Part of the village zoning map that shows where the proposed Western Gateway district would go.

— The mayor and village trustees received an earful of resident concern and opposition last week regarding a village proposal to rezone the Ledyard Avenue/Route 20 entrance corridor into the village — what the board is calling the “Western Gateway” — as a way to promote economic development as well as to maintain the appearance and historical integrity of the grand homes on the road.

Calling it an ill-conceived and under-developed plan that could turn the spacious residential corridor into a village-soul-killing commercial strip, neighbors questioned numerous aspects of the proposed law, including the allowed commercial uses in the new zoning district, the availability and aesthetics of parking, the danger to the existing historic homes, the benefits and potential spot zoning for the owner of The Brewster Inn and even the way in which the village notified the neighbors of the proposed zone change.

Fresh off the controversy of the proposed – and ultimately withdrawn — zone change application for 4 Chenango St. in order to move the restaurant Circa to that location, village officials were unprepared for the Ledyard Avenue neighborhood opposition that was expressed during a public hearing at the village board’s June 2 regular monthly meeting.
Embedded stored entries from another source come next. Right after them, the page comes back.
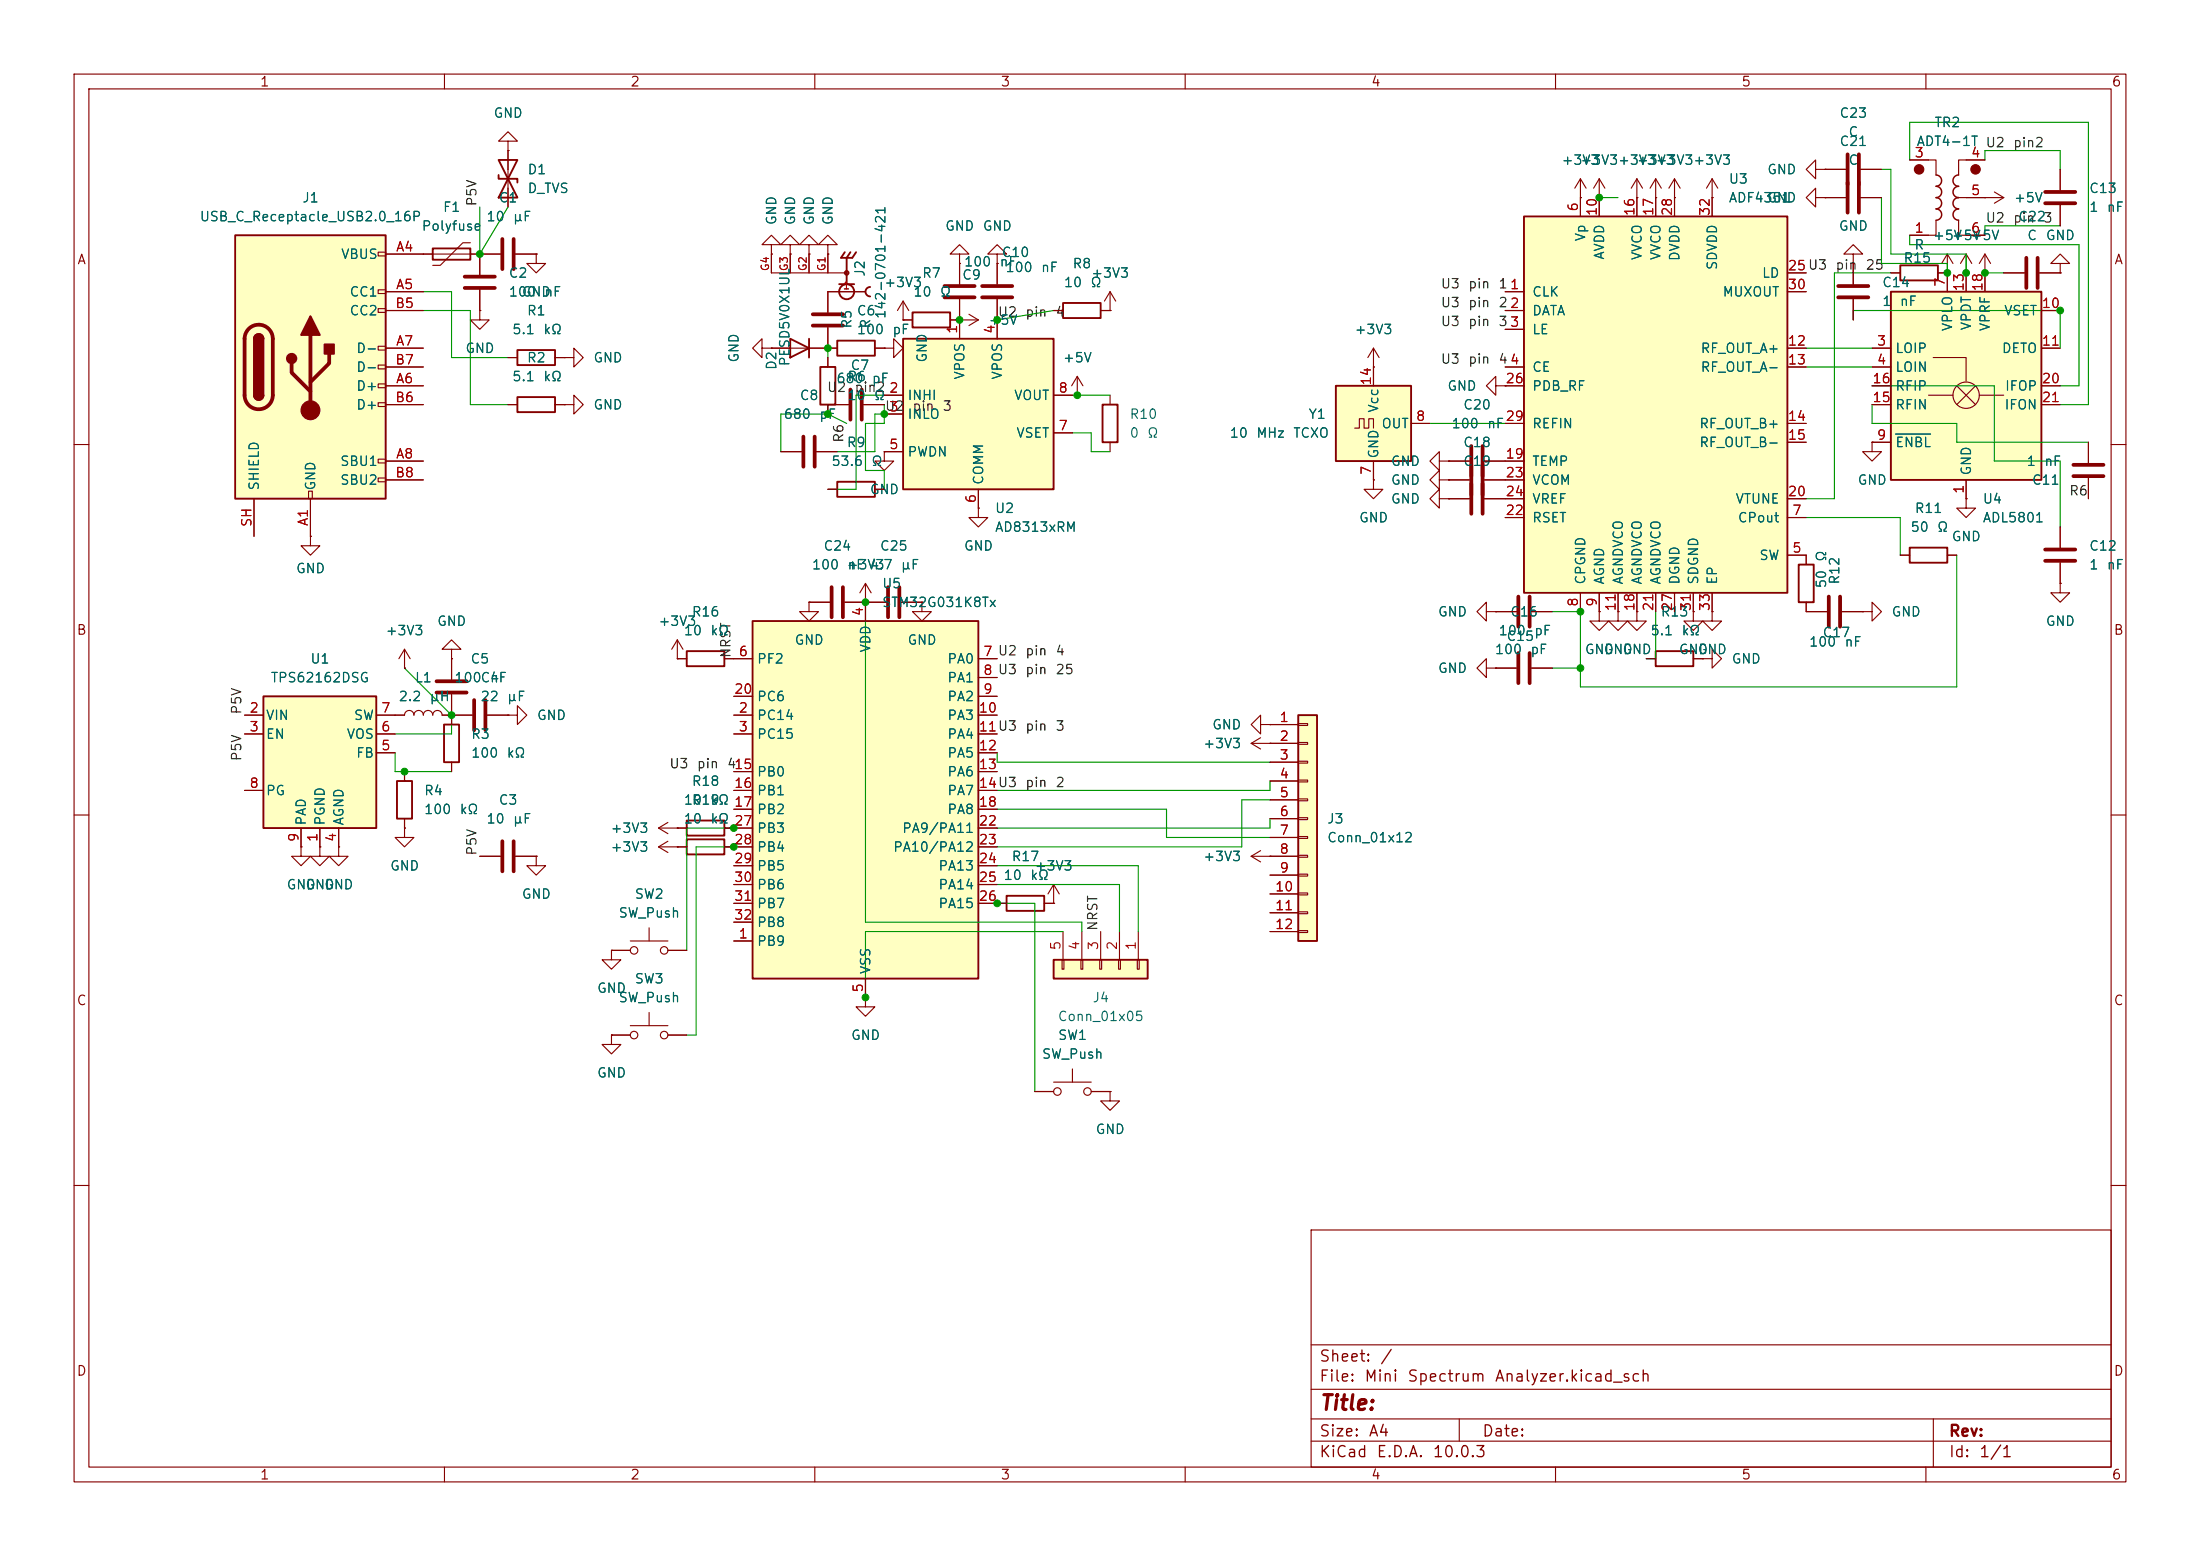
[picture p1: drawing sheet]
<svg xmlns="http://www.w3.org/2000/svg" width="297mm" height="210mm" viewBox="0 0 297 210" stroke-linecap="round" stroke-linejoin="round" font-family="sans-serif">
<g fill="none" stroke="#840000" stroke-width=".15">
<path d="M10 10h277v190h-277zM12 12h273v186h-273zM60 10v2M110 10v2M160 10v2M210 10v2M260 10v2M129.5 35.6v2.8M246.4 26.7h2.8M251.2 26.7h2.8M111.8 54.6h2.8M116.6 54.6h2.8"/>
<path d="M121.9 43.2h.1M121.9 40.6l-.7 1.3M121.9 40.6l.8 1.3M121.9 40.6v2.6M129.5 40.4v2.8M10 60h2M285 60h2M61 88.9v2.8M61 93.7v4.1M61 96.5h2.8M65.8 96.5h2.8M68.6 96.5h1.2v-1.2l1.3 1.2-1.3 1.3v-1.3"/>
<path d="M68.6 96.5h.1M91.4 88.9h.1M91.4 86.4l-.7 1.2M91.4 86.4l.8 1.2M91.4 86.4v2.5M10 110h2M54.6 111.8v1.2h1.3l-1.3 1.3-1.3-1.3h1.3M54.6 111.8h.1M54.6 104.1v1.3M54.6 110.5v1.3M61 102.9v1.2M64.8 115.6h2.8"/>
<path d="M69.6 115.6h2.8M72.4 115.6v1.2h1.3l-1.3 1.3-1.3-1.3h1.3M72.4 115.6h.1M88.9 114.3l1.3 .8M88.9 114.3h2.5M88.9 111.8l1.3 .7M88.9 111.8h3.8M90.2 113.5l-1.3 .8M90.2 111l-1.3 .8M91.4 114.3h.1M91.4 111.8h.1M97.8 111.8h1.3"/>
<path d="M285 110h2M82.5 128.3v1.2h1.3l-1.3 1.3-1.2-1.3h1.2M82.5 128.3h.1M82.5 139.7v1.3h1.3l-1.3 1.2-1.2-1.2h1.2M82.5 139.7h.1M82.5 128.3h2.6M82.5 139.7h2.6M85.1 127h5.1M85.1 138.4h5.1M87.6 125.2v1.8M87.6 136.7v1.7M90.2 128.3h2.5"/>
<path d="M90.2 139.7h2.5M10 160h2M177 166h108v32h-108zM285 160h2M60 198v2M110 198v2M160 198v2M177 194.5h108M177 191.5h108M177 187.5h108M177 181.5h108M197 191.5v3"/>
<path d="M210 198v2M260 198v2M261 191.5v6.5"/>
<circle cx="85.6" cy="139.7" r=".51"/>
<circle cx="85.6" cy="128.3" r=".51"/>
<circle cx="89.7" cy="139.7" r=".51"/>
<circle cx="89.7" cy="128.3" r=".51"/>
</g>
<path d="M127.5 38.6h4.1M249.4 24.6v4.1M251 24.6v4.1M114.8 52.6v4M116.3 52.6v4M127.5 40.1h4.1M58.9 91.9h4.1M58.9 93.5h4.1M64 94.5v4.1M65.5 94.5v4.1M67.8 113.5v4.1M69.3 113.5v4.1" fill="none" stroke="#840000" stroke-width=".51"/>
<path d="M59.9 97.8h2.1v5.1h-2.1zM53.6 105.4h2v5.1h-2zM92.7 110.7h5.1v2.1h-5.1z" fill="none" stroke="#840000" stroke-width=".25"/>
<path d="M101.6 83.8h30.5v48.3h-30.5z" fill="#ffffc2"/>
<path d="M101.6 83.8h30.5v48.3h-30.5z" fill="none" stroke="#840000" stroke-width=".25"/>
<g fill="none" stroke="#840000" stroke-width=".15">
<path d="M134.6 34.3h1.3l-1.3-1.3-1.3 1.3h1.3v1.3M134.6 35.6h.1M41.9 72.4v1.3h1.3l-1.3 1.2-1.3-1.2h1.3M41.9 72.4h.1M99.1 96.5h2.5M99.1 99.1h2.5M99.1 88.9h2.5M99.1 94h2.5M116.8 81.3v2.5M132.1 96.5h2.5M132.1 99.1h2.5M132.1 88.9h2.5"/>
<path d="M132.1 91.4h2.5M132.1 94h2.5M40.6 114.3v1.3h1.3l-1.3 1.2-1.2-1.2h1.2M40.6 114.3h.1M43.2 114.3v1.3h1.2l-1.2 1.2-1.3-1.2h1.3M43.2 114.3h.1M45.7 114.3v1.3h1.3l-1.3 1.2-1.3-1.2h1.3M45.7 114.3h.1M99.1 104.1h2.5M99.1 106.7h2.5M99.1 109.2h2.5M99.1 111.8h2.5"/>
<path d="M99.1 114.3h2.5M99.1 116.8h2.5M99.1 119.4h2.5M132.1 101.6h2.5M132.1 104.1h2.5M132.1 106.7h2.5M132.1 109.2h2.5M132.1 111.8h2.5M132.1 114.3h2.5M132.1 116.8h2.5M132.1 119.4h2.5M99.1 127h2.5"/>
<path d="M99.1 121.9h2.5M99.1 124.5h2.5M116.8 132.1v2.5M132.1 121.9h2.5"/>
</g>
<path d="M35.6 94h15.2v17.8h-15.2z" fill="#ffffc2"/>
<path d="M58.4 33.5h5.1v1.6h-5.1zM35.6 94h15.2v17.8h-15.2z" fill="none" stroke="#840000" stroke-width=".25"/>
<g fill="none" stroke="#840000" stroke-width=".15">
<path d="M57.1 34.3h7.7M63.5 32.8h-1l-3.1 3h-1M129.5 43.2h.1M129.5 43.2h2.6M130.8 42.4l1.3 .8M132.1 43.2l-1.3 .7M116.8 78.7l-.7 1.3M116.8 78.7l.8 1.3M116.8 78.7v2.6M33 96.5h2.6M33 99.1h2.6M50.8 96.5h3.8a.64 .64 0 0 1 .6-.6 .64 .64 0 0 1 .7 .6 .64 .64 0 0 1 .6-.6 .64 .64 0 0 1 .6 .6 .64 .64 0 0 1 .7-.6 .64 .64 0 0 1 .6 .6 .64 .64 0 0 1 .7-.6 .64 .64 0 0 1 .6 .6h1.3"/>
<path d="M50.8 99.1h2.5M54.6 90.2h.1M54.6 87.6l-.8 1.3M54.6 87.6l.8 1.3M54.6 87.6v2.6M61 87.6h1.2l-1.2-1.2-1.3 1.2h1.3v1.3M61 88.9h.1M116.8 81.3h.1M33 106.7h2.6M40.6 111.8v2.5M43.2 111.8v2.5M45.7 111.8v2.5"/>
<path d="M50.8 101.6h2.5"/>
</g>
<path d="M31.7 31.8h20.4v35.5h-20.4z" fill="#ffffc2"/>
<g fill="none" stroke="#840000" stroke-width=".15">
<path d="M51.1 34h1v.5h-1zM51.1 39.1h1v.5h-1zM52.1 34.3h5M52.1 39.4h5M64.8 34.3v2.8M64.8 39.1v2.8M104.1 34.3v2.5h10.2M106.7 33h1.2l-1.2-1.2-1.3 1.2h1.3v1.3M106.7 34.3h.1M106.7 34.3v2.5M109.2 33h1.3l-1.3-1.2-1.3 1.2h1.3v1.3M109.2 34.3h.1"/>
<path d="M109.2 34.3v2.5M111.8 33h1.2l-1.2-1.2-1.3 1.2h1.3v1.3M111.8 34.3h.1M111.8 34.3v2.5M116.8 39.4h-5v2.8M51.1 41.7h1v.5h-1zM51.1 46.7h1v.5h-1zM51.1 49.3h1v.5h-1zM51.1 51.8h1v.5h-1zM51.1 54.4h1v.5h-1zM52.1 52.1h5M52.1 47h5"/>
<path d="M52.1 41.9h5M52.1 54.6h5M52.1 49.5h5M104.1 47h8.9M111.8 44.2v2.8M111.8 48.3v1.2M111.8 54.6v1.3M118.1 47h1.3M121.9 43.2h1.3M128.3 43.2h1.2M34.3 67.3v5.1M41.7 66.3h.5v1h-.5z"/>
<path d="M41.9 67.3v5.1M51.1 62h1v.5h-1zM51.1 64.5h1v.5h-1zM52.1 62.2h5M52.1 64.8h5M105.4 61h2.8M110.2 61h2.8M109.2 81.3h2.8M114 81.3h5.6M121.7 81.3h2.8M170.2 97.8v-1.3l-1.3 1.3 1.3 1.3v-1.3h1.2M170.2 99.6l-1.3 .7"/>
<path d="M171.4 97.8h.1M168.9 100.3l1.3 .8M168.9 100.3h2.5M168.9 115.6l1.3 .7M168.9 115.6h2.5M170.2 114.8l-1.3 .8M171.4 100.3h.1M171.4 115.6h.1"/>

“I was shocked — this has been discussed publicly for months and I have been working on the concept for a year, and Monday night was literally the first criticism of any sort I have gotten on the topic,” said Mayor Kurt Wheeler. “The innuendo that there was a lack of transparency is unfair and unfounded. Every aspect of this has been noticed, put on our website, discussed at meetings, signs put out, notices sent, etc. Much of that effort is beyond what is required — if we were trying to ‘pull a fast one’ we wouldn’t go out of our way to solicit input. The committee worked very hard to assemble a draft law that we felt served the public interest. Nonetheless, we will go back to work and try to address the concerns that were raised.”